# Still birds - Snow Goose Pictures from May Spring Hunt



## gandergrinder (Mar 10, 2002)

My friends dad and another guy went out on Saturday and shot 50+ over decoys before they ran out of shells. They said that all the birds were juvies and came right in without hesitation. Said it was one of the best shoots of his life. So there are still birds around if you can find them.


----------



## mallard (Mar 27, 2002)

Gandergrinder,I went out saturday and sunday.Shot 8 saturday and 13 sunday pass shooting.I also ran out of shells.All of the birds I shot were juvies with the exception of an adult ross goose.I only seen one goose flying high both days.Most of them wer right on the deck.


----------



## Bartman (Apr 22, 2003)

I saw a field of white this morning on my way to school. On the way back i stopped to check it out and sure enough there was about 200 mature snows n blues feedign in a cornfield. Might have to take a day off tomorrow and hunt them.
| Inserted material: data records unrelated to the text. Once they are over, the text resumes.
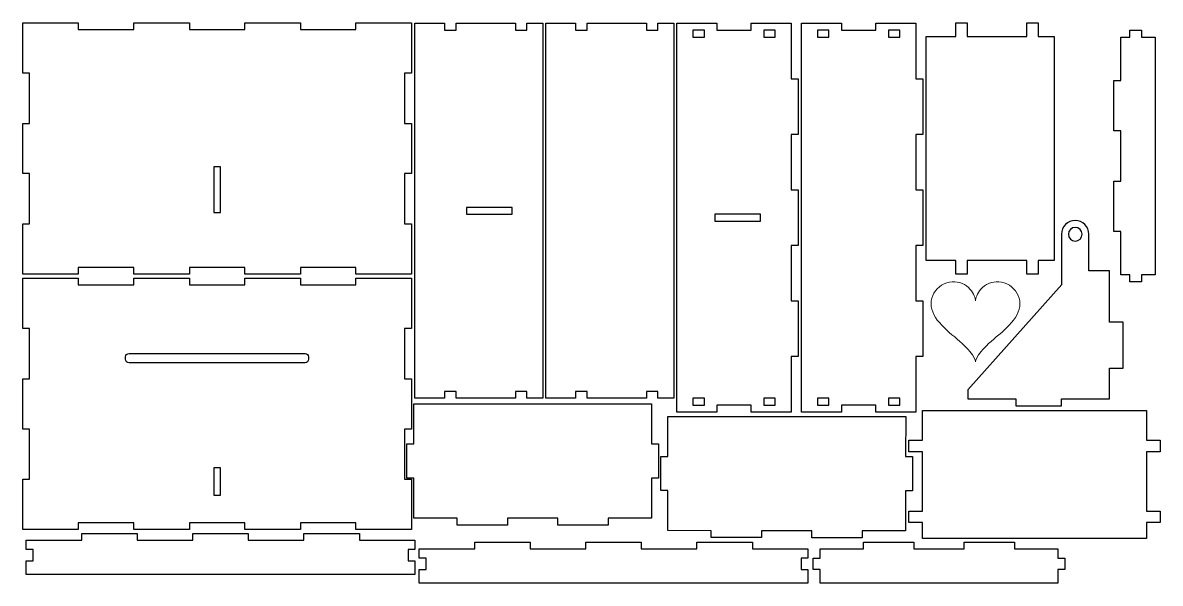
# Model space of a CAD drawing. Header units: inches. Extents: x 2 to 499, y -247 to -2.
import ezdxf

# ---------------------------------------------------------------- set-up
doc = ezdxf.new("R2010")
doc.units = ezdxf.units.IN
doc.header["$MEASUREMENT"] = 0
doc.layers.add('Ebene 1', color=7, linetype='Continuous')

# ---------------------------------------------------------------- blocks, each defined once
blk = doc.blocks.new('block 3')
at = {"layer": 'Ebene 1', "color": 7, "lineweight": 25, "true_color": 0xffffff}
blk.add_lwpolyline([(88.04, -64.77), (85.04, -64.77), (85.04, -84.77), (88.04, -84.77), (88.04, -64.77)], dxfattribs=at)
blk = doc.blocks.new('block 4')
at = {"layer": 'Ebene 1', "color": 7, "lineweight": 25, "true_color": 0xffffff}
blk.add_lwpolyline([(122.97, -108.77), (122.97, -111.77), (98.68, -111.77), (98.68, -108.77), (74.39, -108.77), (74.39, -111.77), (50.11, -111.77), (50.11, -108.77), (25.82, -108.77), (25.82, -111.77), (1.54, -111.77), (1.54, -89.77), (4.54, -89.77), (4.54, -67.77), (1.54, -67.77), (1.54, -45.77), (4.54, -45.77), (4.54, -23.77), (1.54, -23.77), (1.54, -1.77), (25.82, -1.77), (25.82, -4.77), (50.11, -4.77), (50.11, -1.77), (74.39, -1.77), (74.39, -4.77), (98.68, -4.77), (98.68, -1.77), (122.97, -1.77), (122.97, -4.77), (147.25, -4.77), (147.25, -1.77), (171.54, -1.77), (171.54, -23.77), (168.54, -23.77), (168.54, -45.77), (171.54, -45.77), (171.54, -67.77), (168.54, -67.77), (168.54, -89.77), (171.54, -89.77), (171.54, -111.77), (147.25, -111.77), (147.25, -108.77), (122.97, -108.77)], dxfattribs=at)
blk = doc.blocks.new('block 2')
at = {"layer": 'Ebene 1'}
for name in ['block 4', 'block 3']:
    blk.add_blockref(name, (0, 0), dxfattribs=at)
blk = doc.blocks.new('block 5')
at = {"layer": 'Ebene 1', "color": 7, "lineweight": 25, "true_color": 0xffffff}
blk.add_lwpolyline([(174.91, -235.91), (174.91, -231.91), (199.19, -231.91), (199.19, -228.91), (223.48, -228.91), (223.48, -231.91), (247.77, -231.91), (247.77, -228.91), (272.05, -228.91), (272.05, -231.91), (296.34, -231.91), (296.34, -228.91), (320.62, -228.91), (320.62, -231.91), (344.91, -231.91), (344.91, -235.91), (341.91, -235.91), (341.91, -240.91), (344.85, -240.91), (344.91, -246.91), (174.91, -246.91), (174.96, -240.91), (177.91, -240.91), (177.91, -235.91), (174.91, -235.91)], dxfattribs=at)
blk = doc.blocks.new('block 6')
at = {"layer": 'Ebene 1', "color": 7, "lineweight": 25, "true_color": 0xffffff}
blk.add_lwpolyline([(3.04, -232.13), (3.04, -228.13), (27.32, -228.13), (27.32, -225.13), (51.61, -225.13), (51.61, -228.13), (75.89, -228.13), (75.89, -225.13), (100.18, -225.13), (100.18, -228.13), (124.47, -228.13), (124.47, -225.13), (148.75, -225.13), (148.75, -228.13), (173.04, -228.13), (173.04, -232.13), (170.04, -232.13), (170.04, -237.13), (172.98, -237.13), (173.04, -243.13), (3.04, -243.13), (3.09, -237.13), (6.04, -237.13), (6.04, -232.13), (3.04, -232.13)], dxfattribs=at)
blk = doc.blocks.new('block 8')
at = {"layer": 'Ebene 1', "color": 7, "lineweight": 25, "true_color": 0xffffff}
blk.add_lwpolyline([(354.12, -8.02), (354.12, -5.02), (349.12, -5.02), (349.12, -8.02), (354.12, -8.02)], dxfattribs=at)
blk = doc.blocks.new('block 9')
at = {"layer": 'Ebene 1', "color": 7, "lineweight": 25, "true_color": 0xffffff}
blk.add_lwpolyline([(385.12, -5.02), (380.12, -5.02), (380.12, -8.02), (385.12, -8.02), (385.12, -5.02)], dxfattribs=at)
blk = doc.blocks.new('block 10')
at = {"layer": 'Ebene 1', "color": 7, "lineweight": 25, "true_color": 0xffffff}
blk.add_lwpolyline([(354.12, -166.02), (349.12, -166.02), (349.12, -169.02), (354.12, -169.02), (354.12, -166.02)], dxfattribs=at)
blk = doc.blocks.new('block 11')
at = {"layer": 'Ebene 1', "color": 7, "lineweight": 25, "true_color": 0xffffff}
blk.add_lwpolyline([(380.12, -169.02), (385.12, -169.02), (385.12, -166.02), (380.12, -166.02), (380.12, -169.02)], dxfattribs=at)
blk = doc.blocks.new('block 12')
at = {"layer": 'Ebene 1', "color": 7, "lineweight": 25, "true_color": 0xffffff}
blk.add_lwpolyline([(342.12, -2.02), (359.62, -2.02), (359.62, -5.02), (374.62, -5.02), (374.62, -2.02), (392.12, -2.02), (392.12, -26.31), (395.12, -26.31), (395.12, -50.6), (392.12, -50.6), (392.12, -74.88), (395.12, -74.88), (395.12, -99.17), (392.12, -99.17), (392.12, -123.45), (395.12, -123.45), (395.12, -147.74), (392.12, -147.74), (392.12, -172.02), (374.62, -172.02), (374.62, -169.02), (359.62, -169.02), (359.62, -172.02), (342.12, -172.02), (342.12, -2.02)], dxfattribs=at)
blk = doc.blocks.new('block 7')
at = {"layer": 'Ebene 1'}
for name in ['block 12', 'block 8', 'block 9', 'block 10', 'block 11']:
    blk.add_blockref(name, (0, 0), dxfattribs=at)
blk = doc.blocks.new('block 13')
at = {"layer": 'Ebene 1', "color": 7, "lineweight": 25, "true_color": 0xffffff}
blk.add_lwpolyline([(230.34, -2.02), (243.34, -2.02), (243.34, -5.02), (248.34, -5.02), (248.34, -2.02), (274.34, -2.02), (274.34, -5.02), (279.34, -5.02), (279.34, -2.02), (286.34, -2.02), (286.34, -166.02), (279.34, -166.02), (279.34, -163.02), (274.34, -163.02), (274.34, -166.02), (248.34, -166.02), (248.34, -163.02), (243.34, -163.02), (243.34, -166.02), (230.34, -166.02), (230.34, -2.02)], dxfattribs=at)
blk = doc.blocks.new('block 14')
at = {"layer": 'Ebene 1', "color": 7, "lineweight": 25, "true_color": 0xffffff}
blk.add_lwpolyline([(387.62, -224.03), (368.62, -224), (368.62, -227), (346.62, -226.98), (346.62, -223.98), (324.62, -223.96), (324.62, -226.96), (302.62, -226.93), (302.62, -223.93), (283.62, -223.91), (283.64, -206.41), (280.64, -206.41), (280.66, -191.41), (283.66, -191.41), (283.67, -173.91), (387.67, -174.03), (387.66, -191.53), (390.66, -191.53), (390.64, -206.53), (387.64, -206.53), (387.62, -224.03)], dxfattribs=at)
blk = doc.blocks.new('block 15')
at = {"layer": 'Ebene 1', "color": 7, "lineweight": 25, "true_color": 0xffffff}
blk.add_lwpolyline([(276.55, -218.45), (257.55, -218.45), (257.55, -221.45), (235.55, -221.45), (235.55, -218.45), (213.55, -218.45), (213.55, -221.45), (191.55, -221.45), (191.55, -218.45), (172.55, -218.45), (172.55, -200.95), (169.55, -200.95), (169.55, -185.95), (172.55, -185.95), (172.55, -168.45), (276.55, -168.45), (276.55, -185.95), (279.55, -185.95), (279.55, -200.95), (276.55, -200.95), (276.55, -218.45)], dxfattribs=at)
blk = doc.blocks.new('block 16')
at = {"layer": 'Ebene 1', "color": 7, "lineweight": 25, "true_color": 0xffffff}
blk.add_lwpolyline([(457.25, -235.91), (457.25, -240.91), (454.25, -240.91), (454.25, -246.91), (350.25, -246.91), (350.25, -240.91), (347.25, -240.91), (347.25, -235.91), (350.25, -235.91), (350.25, -231.91), (369.25, -231.91), (369.25, -228.91), (391.25, -228.91), (391.25, -231.91), (413.25, -231.91), (413.25, -228.91), (435.25, -228.91), (435.25, -231.91), (454.25, -231.91), (454.25, -235.91), (457.25, -235.91)], dxfattribs=at)
blk = doc.blocks.new('block 17')
at = {"layer": 'Ebene 1', "color": 7, "lineweight": 25, "true_color": 0xffffff}
blk.add_lwpolyline([(485.74, -5.02), (490.74, -5.02), (490.74, -8.02), (496.74, -8.02), (496.74, -112.02), (490.74, -112.02), (490.74, -115.02), (485.74, -115.02), (485.74, -112.02), (481.74, -112.02), (481.74, -93.02), (478.74, -93.02), (478.74, -71.02), (481.74, -71.02), (481.74, -49.02), (478.74, -49.02), (478.74, -27.02), (481.74, -27.02), (481.74, -8.02), (485.74, -8.02), (485.74, -5.02)], dxfattribs=at)
blk = doc.blocks.new('block 18')
at = {"layer": 'Ebene 1', "color": 7, "lineweight": 25, "true_color": 0xffffff}
blk.add_lwpolyline([(452.59, -7.77), (452.59, -105.77), (445.59, -105.77), (445.59, -111.77), (440.59, -111.77), (440.59, -105.77), (414.59, -105.77), (414.59, -111.77), (409.59, -111.77), (409.59, -105.77), (396.59, -105.77), (396.59, -7.77), (409.59, -7.77), (409.59, -1.77), (414.59, -1.77), (414.59, -7.77), (440.59, -7.77), (440.59, -1.77), (445.59, -1.77), (445.59, -7.77), (452.59, -7.77)], dxfattribs=at)
blk = doc.blocks.new('block 19')
at = {"layer": 'Ebene 1', "color": 7, "lineweight": 25, "true_color": 0xffffff}
blk.add_lwpolyline([(493, -227.38), (395, -227.38), (395, -220.38), (389, -220.38), (389, -215.38), (395, -215.38), (395, -189.38), (389, -189.38), (389, -184.38), (395, -184.38), (395, -171.38), (493, -171.38), (493, -184.38), (499, -184.38), (499, -189.38), (493, -189.38), (493, -215.38), (499, -215.38), (499, -220.38), (493, -220.38), (493, -227.38)], dxfattribs=at)
blk = doc.blocks.new('block 21')
at = {"layer": 'Ebene 1', "color": 7, "lineweight": 25, "true_color": 0xffffff}
blk.add_lwpolyline([(195.54, -82.52), (195.54, -85.52), (215.54, -85.52), (215.54, -82.52), (195.54, -82.52)], dxfattribs=at)
blk = doc.blocks.new('block 22')
at = {"layer": 'Ebene 1', "color": 7, "lineweight": 25, "true_color": 0xffffff}
blk.add_lwpolyline([(186.04, -2.02), (186.04, -5.02), (191.04, -5.02), (191.04, -2.02), (217.04, -2.02), (217.04, -5.02), (222.04, -5.02), (222.04, -2.02), (229.04, -2.02), (229.04, -166.02), (222.04, -166.02), (222.04, -163.02), (217.04, -163.02), (217.04, -166.02), (191.04, -166.02), (191.04, -163.02), (186.04, -163.02), (186.04, -166.02), (173.04, -166.02), (173.04, -2.02), (186.04, -2.02)], dxfattribs=at)
blk = doc.blocks.new('block 20')
at = {"layer": 'Ebene 1'}
for name in ['block 22', 'block 21']:
    blk.add_blockref(name, (0, 0), dxfattribs=at)
blk = doc.blocks.new('block 24')
at = {"layer": 'Ebene 1', "color": 7, "lineweight": 25, "true_color": 0xffffff}
blk.add_lwpolyline([(304.15, -85.52), (304.15, -88.52), (324.15, -88.52), (324.15, -85.52), (304.15, -85.52)], dxfattribs=at)
blk = doc.blocks.new('block 25')
at = {"layer": 'Ebene 1', "color": 7, "lineweight": 25, "true_color": 0xffffff}
blk.add_lwpolyline([(325.65, -8.02), (330.65, -8.02), (330.65, -5.02), (325.65, -5.02), (325.65, -8.02)], dxfattribs=at)
blk = doc.blocks.new('block 26')
at = {"layer": 'Ebene 1', "color": 7, "lineweight": 25, "true_color": 0xffffff}
blk.add_lwpolyline([(294.65, -166.02), (294.65, -169.02), (299.65, -169.02), (299.65, -166.02), (294.65, -166.02)], dxfattribs=at)
blk = doc.blocks.new('block 27')
at = {"layer": 'Ebene 1', "color": 7, "lineweight": 25, "true_color": 0xffffff}
blk.add_lwpolyline([(299.65, -5.02), (294.65, -5.02), (294.65, -8.02), (299.65, -8.02), (299.65, -5.02)], dxfattribs=at)
blk = doc.blocks.new('block 28')
at = {"layer": 'Ebene 1', "color": 7, "lineweight": 25, "true_color": 0xffffff}
blk.add_lwpolyline([(330.65, -166.02), (325.65, -166.02), (325.65, -169.02), (330.65, -169.02), (330.65, -166.02)], dxfattribs=at)
blk = doc.blocks.new('block 29')
at = {"layer": 'Ebene 1', "color": 7, "lineweight": 25, "true_color": 0xffffff}
blk.add_lwpolyline([(305.15, -169.02), (305.15, -172.02), (287.65, -172.02), (287.65, -2.02), (305.15, -2.02), (305.15, -5.02), (320.15, -5.02), (320.15, -2.02), (337.65, -2.02), (337.65, -26.31), (340.65, -26.31), (340.65, -50.6), (337.65, -50.6), (337.65, -74.88), (340.65, -74.88), (340.65, -99.17), (337.65, -99.17), (337.65, -123.45), (340.65, -123.45), (340.65, -147.74), (337.65, -147.74), (337.65, -172.02), (320.15, -172.02), (320.15, -169.02), (305.15, -169.02)], dxfattribs=at)
blk = doc.blocks.new('block 23')
at = {"layer": 'Ebene 1'}
for name in ['block 29', 'block 27', 'block 25', 'block 24', 'block 26', 'block 28']:
    blk.add_blockref(name, (0, 0), dxfattribs=at)
blk = doc.blocks.new('block 31')
at = {"layer": 'Ebene 1', "color": 7, "lineweight": 25, "true_color": 0xffffff}
blk.add_open_spline([(458.81, -94.29), (458.81, -92.63), (460.15, -91.29), (461.81, -91.29), (463.46, -91.29), (464.81, -92.63), (464.81, -94.29), (464.81, -95.95), (463.46, -97.29), (461.81, -97.29), (460.15, -97.29), (458.81, -95.95), (458.81, -94.29), (458.81, -94.29), (458.81, -94.29), (458.81, -94.29)], degree=3, knots=[0, 0, 0, 0, 1, 1, 1, 2, 2, 2, 3, 3, 3, 4, 4, 4, 5, 5, 5, 5], dxfattribs=at)
blk = doc.blocks.new('block 32')
at = {"layer": 'Ebene 1', "color": 7, "lineweight": 25, "true_color": 0xffffff}
blk.add_open_spline([(461.81, -88.29), (465.12, -88.29), (467.81, -90.98), (467.81, -94.29), (467.81, -94.29), (467.81, -110.29), (467.81, -110.29), (467.81, -110.29), (476.81, -110.29), (476.81, -110.29), (476.81, -110.29), (476.81, -132.79), (476.81, -132.79), (476.81, -132.79), (482.81, -132.79), (482.81, -132.79), (482.81, -132.79), (482.81, -152.79), (482.81, -152.79), (482.81, -152.79), (476.81, -152.79), (476.81, -152.79), (476.81, -152.79), (476.81, -166.29), (476.81, -166.29), (476.81, -166.29), (455.81, -166.29), (455.81, -166.29), (455.81, -166.29), (455.81, -169.29), (455.81, -169.29), (455.81, -169.29), (435.81, -169.29), (435.81, -169.29), (435.81, -169.29), (435.81, -166.29), (435.81, -166.29), (435.81, -166.29), (414.81, -166.29), (414.81, -166.29), (414.81, -166.29), (414.81, -162.29), (414.81, -162.29), (414.81, -162.29), (456.01, -116.29), (456.01, -116.29), (456.01, -116.29), (455.81, -116.29), (455.81, -116.29), (455.81, -116.29), (455.81, -94.29), (455.81, -94.29), (455.81, -90.98), (458.49, -88.29), (461.81, -88.29)], degree=3, knots=[0, 0, 0, 0, 1, 1, 1, 2, 2, 2, 3, 3, 3, 4, 4, 4, 5, 5, 5, 6, 6, 6, 7, 7, 7, 8, 8, 8, 9, 9, 9, 10, 10, 10, 11, 11, 11, 12, 12, 12, 13, 13, 13, 14, 14, 14, 15, 15, 15, 16, 16, 16, 17, 17, 17, 18, 18, 18, 18], dxfattribs=at)
blk = doc.blocks.new('block 30')
at = {"layer": 'Ebene 1'}
for name in ['block 32', 'block 31']:
    blk.add_blockref(name, (0, 0), dxfattribs=at)
blk = doc.blocks.new('block 34')
at = {"layer": 'Ebene 1', "color": 7, "lineweight": 25, "true_color": 0xffffff}
blk.add_lwpolyline([(74.39, -223.45), (50.11, -223.45), (50.11, -220.45), (25.82, -220.45), (25.82, -223.45), (1.54, -223.45), (1.54, -201.45), (4.54, -201.45), (4.54, -179.45), (1.54, -179.45), (1.54, -157.45), (4.54, -157.45), (4.54, -135.45), (1.54, -135.45), (1.54, -113.45), (25.82, -113.45), (25.82, -116.45), (50.11, -116.45), (50.11, -113.45), (74.39, -113.45), (74.39, -116.45), (98.68, -116.45), (98.68, -113.45), (122.97, -113.45), (122.97, -116.45), (147.25, -116.45), (147.25, -113.45), (171.54, -113.45), (171.54, -135.45), (168.54, -135.45), (168.54, -157.45), (171.54, -157.45), (171.54, -179.45), (168.54, -179.45), (168.54, -201.45), (171.54, -201.45), (171.54, -223.45), (147.25, -223.45), (147.25, -220.45), (122.97, -220.45), (122.97, -223.45), (98.68, -223.45), (98.68, -220.45), (74.39, -220.45), (74.39, -223.45)], dxfattribs=at)
blk = doc.blocks.new('block 35')
at = {"layer": 'Ebene 1', "color": 7, "lineweight": 25, "true_color": 0xffffff}
blk.add_lwpolyline([(85.04, -196.45), (85.04, -208.45), (88.04, -208.45), (88.04, -196.45), (85.04, -196.45)], dxfattribs=at)
blk = doc.blocks.new('block 36')
at = {"layer": 'Ebene 1', "color": 7, "lineweight": 25, "true_color": 0xffffff}
blk.add_open_spline([(46.54, -147.95), (46.54, -147.95), (46.54, -148.95), (46.54, -148.95), (46.54, -149.78), (47.21, -150.45), (48.04, -150.45), (48.04, -150.45), (125.04, -150.45), (125.04, -150.45), (125.87, -150.45), (126.54, -149.78), (126.54, -148.95), (126.54, -148.95), (126.54, -147.95), (126.54, -147.95), (126.54, -147.12), (125.87, -146.45), (125.04, -146.45), (125.04, -146.45), (48.04, -146.45), (48.04, -146.45), (47.21, -146.45), (46.54, -147.12), (46.54, -147.95)], degree=3, knots=[0, 0, 0, 0, 1, 1, 1, 2, 2, 2, 3, 3, 3, 4, 4, 4, 5, 5, 5, 6, 6, 6, 7, 7, 7, 8, 8, 8, 8], dxfattribs=at)
blk = doc.blocks.new('block 33')
at = {"layer": 'Ebene 1'}
for name in ['block 34', 'block 36', 'block 35']:
    blk.add_blockref(name, (0, 0), dxfattribs=at)

msp = doc.modelspace()

# ---------------------------------------------------------------- linework, layer by layer
at = {"layer": 'Ebene 1', "color": 7, "lineweight": 9, "true_color": 0xffffff}
msp.add_open_spline([(418.2, -150.1), (418.2, -150.1), (418.14, -148.96), (416.9, -147.06), (415.52, -144.99), (413.46, -142.94), (410.24, -140.17), (407.23, -137.58), (403.79, -134.84), (401.51, -131.79), (399.19, -128.68), (398.25, -125.46), (399.12, -122.26), (399.97, -119.13), (402.49, -116.59), (405.6, -115.54), (408.77, -114.47), (411.91, -115.14), (414.26, -116.87), (416.62, -118.62), (417.67, -121), (418.03, -122.38), (418.39, -123.77), (418.02, -123.77), (418.38, -122.38), (418.73, -121), (419.78, -118.62), (422.14, -116.87), (424.49, -115.14), (427.63, -114.47), (430.8, -115.54), (433.92, -116.59), (436.43, -119.13), (437.28, -122.26), (438.16, -125.46), (437.21, -128.68), (434.89, -131.79), (432.61, -134.84), (429.18, -137.58), (426.16, -140.17), (422.94, -142.94), (420.88, -144.99), (419.51, -147.06), (418.26, -148.96), (418.2, -150.1), (418.2, -150.1)], degree=3, knots=[0, 0, 0, 0, 1, 1, 1, 2, 2, 2, 3, 3, 3, 4, 4, 4, 5, 5, 5, 6, 6, 6, 7, 7, 7, 8, 8, 8, 9, 9, 9, 10, 10, 10, 11, 11, 11, 12, 12, 12, 13, 13, 13, 14, 14, 14, 15, 15, 15, 15], dxfattribs=at)

# ---------------------------------------------------------------- block references
at = {"layer": 'Ebene 1'}
for name in ['block 2', 'block 20', 'block 13', 'block 23', 'block 7', 'block 18', 'block 17', 'block 30', 'block 33', 'block 15', 'block 14', 'block 19', 'block 6', 'block 5', 'block 16']:
    msp.add_blockref(name, (0, 0), dxfattribs=at)

doc.saveas('drawing.dxf')

They were in the same field all last week but friday i did not see them feeding and figured they had left. Good thing they havent.


----------



## Brad Anderson (Apr 1, 2002)

Oh yah, I can verify that there are still birds around. Saw about 2-5000 yesterday. Loading up the boat last night when all the sudden, BANG BANG BANG. Next thing I knew about 500-750 got up out of the field right across the road. Not sure if they got anything??


----------



## nodakoutdoors.com (Feb 27, 2002)

I think we're going to give mallard's spot a run. With the number of juvies flying around it's kind of hard not to. Kiedrowski, a good buddy of mine moves back to Fargo today from D.C., so he's pretty pumped that he's going to experience some spring hunting after all.

Only problem is sunup time and the distance to travel. We're going to have to leave around 1 a.m. oke: :lost:


----------



## gandergrinder (Mar 10, 2002)

The fact that you guys are going hunting. The juvies are around and there is no way that I could possibly go with the amount of tests that I have is proof that god does not love me. More than anything I would like to get out for awhile but I just can't. Good luck gentlemen and if you shoot a bunch please do not tell me untill after finals.


----------



## nodakoutdoors.com (Feb 27, 2002)

awww.....you know I'm going hunting tomorrow when I give live updates. 

Still plenty of birds, just got off the phone with mallard. So far 1 field of about 2 grand, mostly juvies...and a second field that's got double that...........mostly juvies. He's still got a couple more to check.

Just a heads up for those of you going tomorrow!


----------



## GooseBuster3 (Mar 1, 2002)

This Going to be the BIG weekend? I hope so!!!


----------



## nodakoutdoors.com (Feb 27, 2002)

We got permission for the posted field...we're ready to go!


----------



## nickle ditch (Aug 26, 2002)

Well i'm jealous. Convinced me to go for a drive and look for some around here though. Good luck guys.


----------



## Bartman (Apr 22, 2003)

So how'd you boys do this morning?? A friend and I got 18 this morning in the dekes, shoulda had more but i was too excited to actually shoot snows out of the decoys again. Gonna try em tomorrow morning too, if anyone in the Lake region area wants to "try" and have a good time, let me know and we will see what we can do.


----------



## nodakoutdoors.com (Feb 27, 2002)

What a twisted morning.

We got on the road around 1 a.m., few of the guys on zero sleep. Got to our plan A spot and the birds stayed there overnight. We had a plan B spot with half as many birds...and decided to go after them instead of pushing the birds and hoping.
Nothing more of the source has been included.